Holy Week & Easter

Join us for Holy Week & Easter 

as we celebrate the life, death & resurrection
of our Lord Jesus Christ! 

SUNDAY OF PALM AND PASSION

April 1 at 10:30 a.m.
includes Procession with Palms and Holy Communion

MAUNDY THURSDAY

April 5 at 7 p.m.
with Footwashing and Holy Communion

GOOD FRIDAY

April 6 at 10:30 a.m.

HOLY SATURDAY:
THE GREAT VIGIL OF EASTER

April 7 at 8 p.m.

EASTER SUNDAY:
THE RESURRECTION OF OUR LORD

April 8 at 10:30 a.m.
Festival Service of Holy Communion

Ash Wednesday and the Beginning of Lent

Lent

Journey together with Christ to the cross where our sin is put to death, and to the empty tomb,
where we are given new life in the risen Christ.

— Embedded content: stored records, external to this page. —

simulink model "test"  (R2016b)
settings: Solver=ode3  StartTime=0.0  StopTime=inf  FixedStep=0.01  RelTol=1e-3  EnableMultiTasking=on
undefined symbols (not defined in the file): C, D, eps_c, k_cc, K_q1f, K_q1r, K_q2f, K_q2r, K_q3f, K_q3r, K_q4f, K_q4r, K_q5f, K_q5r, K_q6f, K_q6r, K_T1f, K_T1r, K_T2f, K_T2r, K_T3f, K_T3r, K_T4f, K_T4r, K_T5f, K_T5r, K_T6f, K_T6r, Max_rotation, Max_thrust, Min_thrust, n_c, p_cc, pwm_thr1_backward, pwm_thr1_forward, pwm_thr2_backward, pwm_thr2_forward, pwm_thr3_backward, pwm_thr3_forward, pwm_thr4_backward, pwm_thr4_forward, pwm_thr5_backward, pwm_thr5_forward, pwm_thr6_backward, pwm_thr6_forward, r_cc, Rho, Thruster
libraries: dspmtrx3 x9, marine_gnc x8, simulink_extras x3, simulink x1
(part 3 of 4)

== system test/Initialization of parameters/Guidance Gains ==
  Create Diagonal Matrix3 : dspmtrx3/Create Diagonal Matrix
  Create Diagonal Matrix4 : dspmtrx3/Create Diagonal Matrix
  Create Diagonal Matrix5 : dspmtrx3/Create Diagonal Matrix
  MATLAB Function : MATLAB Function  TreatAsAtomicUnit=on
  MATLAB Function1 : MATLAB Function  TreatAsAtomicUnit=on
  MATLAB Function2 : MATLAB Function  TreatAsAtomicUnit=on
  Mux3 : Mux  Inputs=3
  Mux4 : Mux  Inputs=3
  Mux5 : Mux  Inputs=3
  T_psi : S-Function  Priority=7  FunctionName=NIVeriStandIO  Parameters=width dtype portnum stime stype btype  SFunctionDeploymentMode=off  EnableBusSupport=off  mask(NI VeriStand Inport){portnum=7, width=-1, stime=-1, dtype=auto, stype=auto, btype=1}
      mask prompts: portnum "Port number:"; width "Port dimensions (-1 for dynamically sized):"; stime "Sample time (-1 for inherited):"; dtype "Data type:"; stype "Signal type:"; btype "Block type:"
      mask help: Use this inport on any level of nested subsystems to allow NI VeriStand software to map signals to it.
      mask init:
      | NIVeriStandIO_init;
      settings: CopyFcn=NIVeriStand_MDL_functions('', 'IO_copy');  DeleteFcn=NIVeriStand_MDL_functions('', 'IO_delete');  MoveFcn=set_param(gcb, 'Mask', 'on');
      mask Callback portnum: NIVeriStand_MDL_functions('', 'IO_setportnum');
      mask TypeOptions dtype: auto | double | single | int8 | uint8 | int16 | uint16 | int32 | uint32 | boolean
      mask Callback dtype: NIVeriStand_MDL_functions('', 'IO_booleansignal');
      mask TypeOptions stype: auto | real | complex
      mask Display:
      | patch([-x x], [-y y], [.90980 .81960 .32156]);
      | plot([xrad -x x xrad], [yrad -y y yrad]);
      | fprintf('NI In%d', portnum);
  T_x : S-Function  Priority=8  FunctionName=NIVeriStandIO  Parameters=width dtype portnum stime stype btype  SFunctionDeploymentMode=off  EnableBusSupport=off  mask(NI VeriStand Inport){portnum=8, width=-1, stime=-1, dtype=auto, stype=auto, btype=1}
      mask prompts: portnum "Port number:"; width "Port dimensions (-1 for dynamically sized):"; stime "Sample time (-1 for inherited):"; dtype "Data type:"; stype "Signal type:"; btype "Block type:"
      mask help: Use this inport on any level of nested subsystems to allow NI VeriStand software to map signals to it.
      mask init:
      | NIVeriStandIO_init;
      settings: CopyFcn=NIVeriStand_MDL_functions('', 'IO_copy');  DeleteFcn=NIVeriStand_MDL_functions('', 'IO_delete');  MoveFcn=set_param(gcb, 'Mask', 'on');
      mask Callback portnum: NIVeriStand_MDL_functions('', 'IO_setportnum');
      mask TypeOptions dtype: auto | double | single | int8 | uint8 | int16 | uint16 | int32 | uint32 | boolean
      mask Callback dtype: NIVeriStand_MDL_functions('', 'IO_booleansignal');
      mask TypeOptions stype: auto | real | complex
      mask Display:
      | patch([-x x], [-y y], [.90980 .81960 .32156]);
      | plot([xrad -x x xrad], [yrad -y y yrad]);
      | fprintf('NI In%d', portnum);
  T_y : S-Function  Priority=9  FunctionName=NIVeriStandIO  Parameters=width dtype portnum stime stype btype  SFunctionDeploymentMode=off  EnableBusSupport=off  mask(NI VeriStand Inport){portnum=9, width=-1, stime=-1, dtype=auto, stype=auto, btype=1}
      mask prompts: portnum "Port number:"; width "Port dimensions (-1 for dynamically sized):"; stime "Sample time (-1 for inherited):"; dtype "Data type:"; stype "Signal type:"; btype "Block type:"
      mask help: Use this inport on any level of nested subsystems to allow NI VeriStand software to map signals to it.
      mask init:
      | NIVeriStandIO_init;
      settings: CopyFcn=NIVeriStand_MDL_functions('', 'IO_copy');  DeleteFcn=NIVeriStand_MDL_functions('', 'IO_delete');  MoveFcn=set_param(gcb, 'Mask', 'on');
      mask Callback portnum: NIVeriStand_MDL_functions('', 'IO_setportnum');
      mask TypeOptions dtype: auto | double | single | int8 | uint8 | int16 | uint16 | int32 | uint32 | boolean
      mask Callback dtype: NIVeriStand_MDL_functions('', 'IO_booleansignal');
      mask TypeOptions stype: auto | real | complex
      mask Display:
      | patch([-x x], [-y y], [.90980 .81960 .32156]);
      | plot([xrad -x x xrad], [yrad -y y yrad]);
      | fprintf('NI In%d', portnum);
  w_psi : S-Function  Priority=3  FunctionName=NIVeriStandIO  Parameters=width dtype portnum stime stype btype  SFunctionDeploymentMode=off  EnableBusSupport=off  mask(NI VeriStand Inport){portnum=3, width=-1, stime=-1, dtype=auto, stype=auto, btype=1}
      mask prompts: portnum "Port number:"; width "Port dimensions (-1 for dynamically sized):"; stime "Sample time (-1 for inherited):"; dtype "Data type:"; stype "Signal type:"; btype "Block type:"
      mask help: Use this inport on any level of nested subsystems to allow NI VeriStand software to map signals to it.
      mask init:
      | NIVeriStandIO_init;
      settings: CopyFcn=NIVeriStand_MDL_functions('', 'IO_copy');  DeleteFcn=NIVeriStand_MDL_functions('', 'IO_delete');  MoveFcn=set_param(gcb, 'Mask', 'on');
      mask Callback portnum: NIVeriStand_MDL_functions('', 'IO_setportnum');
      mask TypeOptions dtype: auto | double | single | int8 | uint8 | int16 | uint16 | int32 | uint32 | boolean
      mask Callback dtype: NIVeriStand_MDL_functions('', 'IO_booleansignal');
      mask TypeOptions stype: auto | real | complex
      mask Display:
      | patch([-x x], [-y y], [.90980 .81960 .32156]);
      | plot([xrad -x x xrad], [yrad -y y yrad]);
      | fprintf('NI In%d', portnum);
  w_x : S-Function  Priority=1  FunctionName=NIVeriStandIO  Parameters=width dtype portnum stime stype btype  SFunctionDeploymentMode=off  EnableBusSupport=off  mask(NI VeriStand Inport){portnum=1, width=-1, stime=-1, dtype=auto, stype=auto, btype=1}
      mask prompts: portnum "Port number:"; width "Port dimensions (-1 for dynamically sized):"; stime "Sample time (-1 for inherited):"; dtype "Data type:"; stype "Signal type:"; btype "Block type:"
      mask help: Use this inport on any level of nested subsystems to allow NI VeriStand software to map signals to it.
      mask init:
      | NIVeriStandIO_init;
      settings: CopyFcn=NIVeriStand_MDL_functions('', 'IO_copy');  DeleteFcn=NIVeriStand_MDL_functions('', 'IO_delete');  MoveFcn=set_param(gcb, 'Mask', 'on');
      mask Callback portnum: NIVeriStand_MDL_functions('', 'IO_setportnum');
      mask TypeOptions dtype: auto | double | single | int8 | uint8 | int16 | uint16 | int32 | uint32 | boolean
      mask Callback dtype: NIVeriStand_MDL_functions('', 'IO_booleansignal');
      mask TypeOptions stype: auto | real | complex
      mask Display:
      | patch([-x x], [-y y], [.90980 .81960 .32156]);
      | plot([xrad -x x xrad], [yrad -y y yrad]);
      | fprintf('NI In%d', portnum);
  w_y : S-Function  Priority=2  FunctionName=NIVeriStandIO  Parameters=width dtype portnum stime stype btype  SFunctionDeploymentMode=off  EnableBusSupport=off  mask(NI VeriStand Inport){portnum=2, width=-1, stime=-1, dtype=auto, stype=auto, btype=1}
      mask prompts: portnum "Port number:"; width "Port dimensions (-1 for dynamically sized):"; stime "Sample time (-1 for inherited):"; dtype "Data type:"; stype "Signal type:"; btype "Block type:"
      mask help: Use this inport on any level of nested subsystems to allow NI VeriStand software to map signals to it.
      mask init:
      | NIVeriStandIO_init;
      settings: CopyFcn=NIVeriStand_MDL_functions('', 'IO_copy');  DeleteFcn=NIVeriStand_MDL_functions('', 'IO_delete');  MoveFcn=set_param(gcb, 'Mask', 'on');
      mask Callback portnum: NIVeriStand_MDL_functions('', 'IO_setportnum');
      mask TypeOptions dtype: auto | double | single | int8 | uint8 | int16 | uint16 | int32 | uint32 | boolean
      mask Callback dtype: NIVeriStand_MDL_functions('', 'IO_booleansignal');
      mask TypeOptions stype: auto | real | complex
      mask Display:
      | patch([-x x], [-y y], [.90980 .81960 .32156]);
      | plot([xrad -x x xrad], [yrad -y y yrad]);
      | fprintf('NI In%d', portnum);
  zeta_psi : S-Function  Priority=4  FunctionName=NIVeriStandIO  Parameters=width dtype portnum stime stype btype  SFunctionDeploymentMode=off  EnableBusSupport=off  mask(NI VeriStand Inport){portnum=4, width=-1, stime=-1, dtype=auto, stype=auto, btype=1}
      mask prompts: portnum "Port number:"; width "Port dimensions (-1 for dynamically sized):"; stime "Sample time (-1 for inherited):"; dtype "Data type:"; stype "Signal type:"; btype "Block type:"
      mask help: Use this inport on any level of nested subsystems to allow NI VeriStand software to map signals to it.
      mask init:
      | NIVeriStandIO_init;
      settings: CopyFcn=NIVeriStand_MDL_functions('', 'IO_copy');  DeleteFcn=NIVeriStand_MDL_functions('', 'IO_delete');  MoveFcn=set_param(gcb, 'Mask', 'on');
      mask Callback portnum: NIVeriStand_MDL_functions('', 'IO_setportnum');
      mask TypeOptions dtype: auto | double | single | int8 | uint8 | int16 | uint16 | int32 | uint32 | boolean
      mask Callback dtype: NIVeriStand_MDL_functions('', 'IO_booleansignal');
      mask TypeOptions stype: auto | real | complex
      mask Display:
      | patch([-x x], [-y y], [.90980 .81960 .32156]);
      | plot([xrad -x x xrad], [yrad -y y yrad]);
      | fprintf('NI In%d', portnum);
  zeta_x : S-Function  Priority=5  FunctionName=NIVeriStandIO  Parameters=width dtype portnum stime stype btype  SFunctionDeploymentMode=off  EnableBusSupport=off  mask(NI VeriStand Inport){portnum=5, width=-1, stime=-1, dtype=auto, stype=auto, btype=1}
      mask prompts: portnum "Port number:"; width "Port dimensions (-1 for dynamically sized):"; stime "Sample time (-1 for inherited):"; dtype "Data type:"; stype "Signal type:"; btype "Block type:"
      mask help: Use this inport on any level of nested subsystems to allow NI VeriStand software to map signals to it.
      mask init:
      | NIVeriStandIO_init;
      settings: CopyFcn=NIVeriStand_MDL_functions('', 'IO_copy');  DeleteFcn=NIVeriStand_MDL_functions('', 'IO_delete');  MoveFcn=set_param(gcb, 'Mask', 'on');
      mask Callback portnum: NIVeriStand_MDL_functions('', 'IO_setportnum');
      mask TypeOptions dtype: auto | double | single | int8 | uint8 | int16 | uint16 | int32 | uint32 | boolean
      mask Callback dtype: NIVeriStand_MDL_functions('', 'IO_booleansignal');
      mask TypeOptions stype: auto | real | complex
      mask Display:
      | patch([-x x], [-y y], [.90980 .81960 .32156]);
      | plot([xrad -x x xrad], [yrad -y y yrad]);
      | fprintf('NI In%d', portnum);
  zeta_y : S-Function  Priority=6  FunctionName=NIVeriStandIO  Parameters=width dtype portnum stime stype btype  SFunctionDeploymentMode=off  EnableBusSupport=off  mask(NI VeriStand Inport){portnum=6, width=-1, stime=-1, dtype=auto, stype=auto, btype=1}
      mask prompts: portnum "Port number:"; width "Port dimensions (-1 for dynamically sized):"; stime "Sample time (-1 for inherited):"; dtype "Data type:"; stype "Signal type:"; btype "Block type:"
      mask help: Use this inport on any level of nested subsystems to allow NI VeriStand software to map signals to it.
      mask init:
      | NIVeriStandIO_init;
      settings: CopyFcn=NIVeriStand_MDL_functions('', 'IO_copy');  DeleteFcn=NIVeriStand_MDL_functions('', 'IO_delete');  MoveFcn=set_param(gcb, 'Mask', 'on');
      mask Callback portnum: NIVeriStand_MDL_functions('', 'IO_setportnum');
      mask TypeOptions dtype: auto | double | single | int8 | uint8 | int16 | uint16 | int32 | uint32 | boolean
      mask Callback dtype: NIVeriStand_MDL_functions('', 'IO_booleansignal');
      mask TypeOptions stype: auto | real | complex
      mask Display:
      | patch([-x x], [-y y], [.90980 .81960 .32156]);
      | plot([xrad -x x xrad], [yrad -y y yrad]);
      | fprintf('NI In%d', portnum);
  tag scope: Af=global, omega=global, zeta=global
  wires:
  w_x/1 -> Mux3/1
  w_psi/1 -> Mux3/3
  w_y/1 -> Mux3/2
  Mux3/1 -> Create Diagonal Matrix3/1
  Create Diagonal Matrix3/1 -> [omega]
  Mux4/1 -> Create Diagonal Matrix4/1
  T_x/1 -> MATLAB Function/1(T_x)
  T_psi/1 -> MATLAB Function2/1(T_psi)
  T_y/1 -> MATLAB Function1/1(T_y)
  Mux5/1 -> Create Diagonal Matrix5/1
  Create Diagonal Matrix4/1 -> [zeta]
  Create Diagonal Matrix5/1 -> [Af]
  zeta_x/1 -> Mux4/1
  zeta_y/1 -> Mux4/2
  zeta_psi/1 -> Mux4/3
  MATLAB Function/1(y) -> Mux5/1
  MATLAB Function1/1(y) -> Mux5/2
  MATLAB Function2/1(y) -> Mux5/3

Lent is from an Anglo-Saxon word meaning “springtime” and so is to be understood as the holy springtime of the soul, a time for preparation, planting, and growth. Like the father of the prodigal son (this story is one of the Lenten gospel readings, next year), God the Father invites us to return home.  Lent is a time for self-examination and repentance, but repentance always understood in its most graceful sense:  a turning away from death, and death-dealing habits and lifestyles, and a turning toward life, the abundant life given in Jesus Christ our Lord.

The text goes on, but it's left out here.